エミネムがすべてをさらけ出す、新作『リバイバル』全曲解説

Photo by Craig McDean


16.「ニード・ミー」feat. ピンク

エミネムがピンクとタッグを組むのはこれが2度目だ。彼女が2017年10月に発表したアルバム『ビューティフル・トラウマ』に収録された「リヴェンジ」のポップさとは対照的に、アレックス・ダ・キッドがプロデュースした「ニード・ミー」は、スペーシーなパーカッションが印象的なパワーバラードとなっている。ピンクによる2ヴァースとコーラスの後に、エミネムは長尺の強烈なライムを放つ。しかしこの曲で特筆すべき点は、彼が女性ヴォーカルをゲストに迎えた曲としては珍しいアプローチを試みていることだ。「ニード・ミー」の前半におけるピンクのセカンドヴァースに、エミネムはフェードインする形で自分の声を重ねていく。ワルツ調の揺らめくようなリズムが印象的なトラックに合わせて、マーシャルは不毛なロマンスについて歌ってみせる。“お前を運命の相手だと思ってた / でも俺たち釣り合ってないみたいだ / お前を見てると思い出す、俺の母親”

17.「イン・ユア・ヘッド」

「イン・ユア・ヘッド」のオープニング、そして全編に渡ってバックグラウンドで流れ続けるドロレス・オリオーダンのヴォーカルは、ザ・クランベリーズのヒット曲「ゾンビ」のサンプリングだ。このトラックを手掛けたニューヨークのMC/プロデューサーのスクラム・ジョーンズは、サンプリングによるトラック制作を得意とし、2000年代初期以降ジェイダキスやゴーストフェイス・キラー等に楽曲を提供しているが、エミネムとタッグを組むのは今回が初めてとなる。
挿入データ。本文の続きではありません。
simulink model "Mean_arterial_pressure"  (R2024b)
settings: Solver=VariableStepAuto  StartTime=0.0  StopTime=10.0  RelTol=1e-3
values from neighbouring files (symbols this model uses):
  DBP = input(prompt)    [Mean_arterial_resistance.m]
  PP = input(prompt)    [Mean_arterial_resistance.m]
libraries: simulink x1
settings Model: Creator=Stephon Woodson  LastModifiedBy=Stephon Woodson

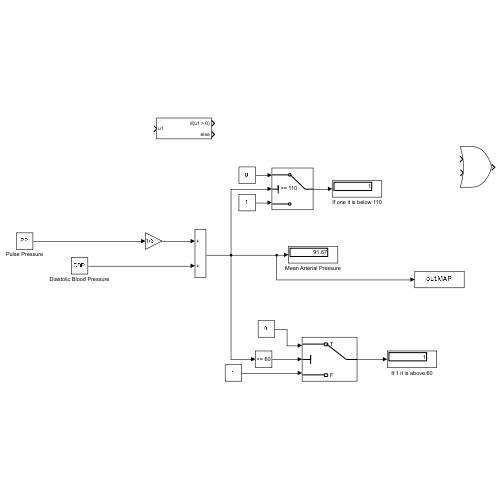
[thumbnail: Simulink's stored preview of the top-level diagram]
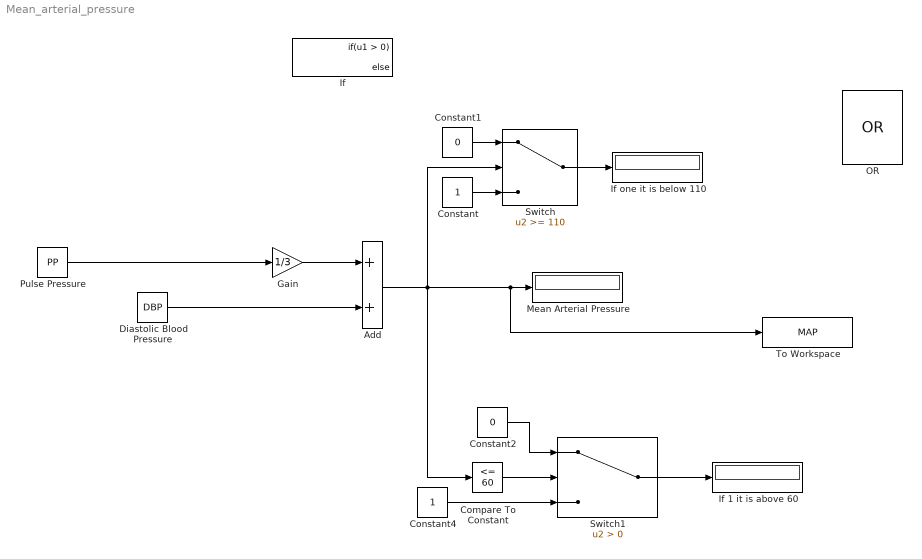
== system Mean_arterial_pressure ==
  Add : Sum
  Compare To Constant : simulink/Logic and Bit Operations/Compare To Constant  relop=<=  const=60  OutDataTypeStr=boolean
  Constant : Constant
  Constant1 : Constant  Value=0
  Constant2 : Constant  Value=0
  Constant4 : Constant
  Diastolic Blood Pressure : Constant  Value=DBP
  Gain : Gain  Gain=1/3
  If : If
  If 1 it is above 60 : Display
  If one it is below 110 : Display
  Mean Arterial Pressure : Display
  OR : Logic  Operator=OR  IconShape=distinctive  AllPortsSameDT=off  OutDataTypeStr=boolean
  Pulse Pressure : Constant  Value=PP
  Switch : Switch  Threshold=110  SaturateOnIntegerOverflow=off  InputSameDT=off
  Switch1 : Switch  Criteria=u2 > Threshold  SaturateOnIntegerOverflow=off  InputSameDT=off
  To Workspace : ToWorkspace  VariableName=MAP  SampleTime=-1
  wires:
  Pulse Pressure/1 -> Gain/1
  Gain/1 -> Add/1
  Diastolic Blood Pressure/1 -> Add/2
  Add/1 -> Compare To Constant/1, Switch/2, To Workspace/1, Mean Arterial Pressure/1
  Constant/1 -> Switch/3
  Constant1/1 -> Switch/1
  Switch/1 -> If one it is below 110/1
  Switch1/1 -> If 1 it is above 60/1
  Compare To Constant/1 -> Switch1/2
  Constant2/1 -> Switch1/1
  Constant4/1 -> Switch1/3

エミネムはこの曲で、自身のキャリアを後悔の念とともに顧みている。“俺はとうの昔に引退すべきだったんだ / 『リカバリー』は俺を振り出し地点に戻しちまった / 人生の勝者となるはずだったのに、俺は『リラプス』(崩壊)寸前だ”

18.「キャッスル」 feat. スカイラー・グレイ

“私が築き上げたこの城で、私たちは玉座に縛られた囚われの身となった”。この曲のオープニングで、スカイラー・グレイはそう歌い上げる。鉛筆と紙の効果音を伴い、全ヴァースが手紙を読み上げる形で進むこの曲は、否が応にも「スタン」を連想させる。しかし大きな違いは、この手紙がマーシャルが娘のヘイリーに宛てたものであることだ。1通目は1995年の彼女の誕生から数週間後、2通目はその1年後、そして3通目は彼女の12歳の誕生日付けとなっている。3番目のヴァースのエンディングで、エミネムは2007年にメタドンのオーバードーズで生死の境をさまよった時のことを振り返る。“父さんの目の前にはロープがぶら下がってる / この人生を終わりにしたいんだ / 愛しい娘よさよなら、どうか元気で、父さんはもう眠ることにするよ / 父より愛を込めて…クソ、どうすりゃいいんだ”

19.「アローズ」

「アローズ」の冒頭を飾るループは、ベット・ミドラーが1979年に発表したアルバム『ザ・ローズ』(あるいは同名の映画)のタイトル曲のサンプリングだ。2007年に経験したオーバードーズについて言及する「キャッスル」のエンディングの続きとして綴られるこの曲で、彼は2006年にこの世を去った元D12のメンバーで盟友のプルーフ(その死は彼を“真っ二つに引き裂いた”)、そして自身の家族に語りかける。4分を過ぎたところで、エミネムは“テープを巻き戻す、間違いを正すために”と言い放ち、唐突に沈黙が訪れる。その直後に再び流れる『キャッスル』の3番目のヴァースには、異なるエンディングが用意されている。“誓うよ、もう俺にクスリは必要ない”。希望の光を灯すその言葉とともに、アルバムはメタドンをトイレに流す音で幕を閉じる。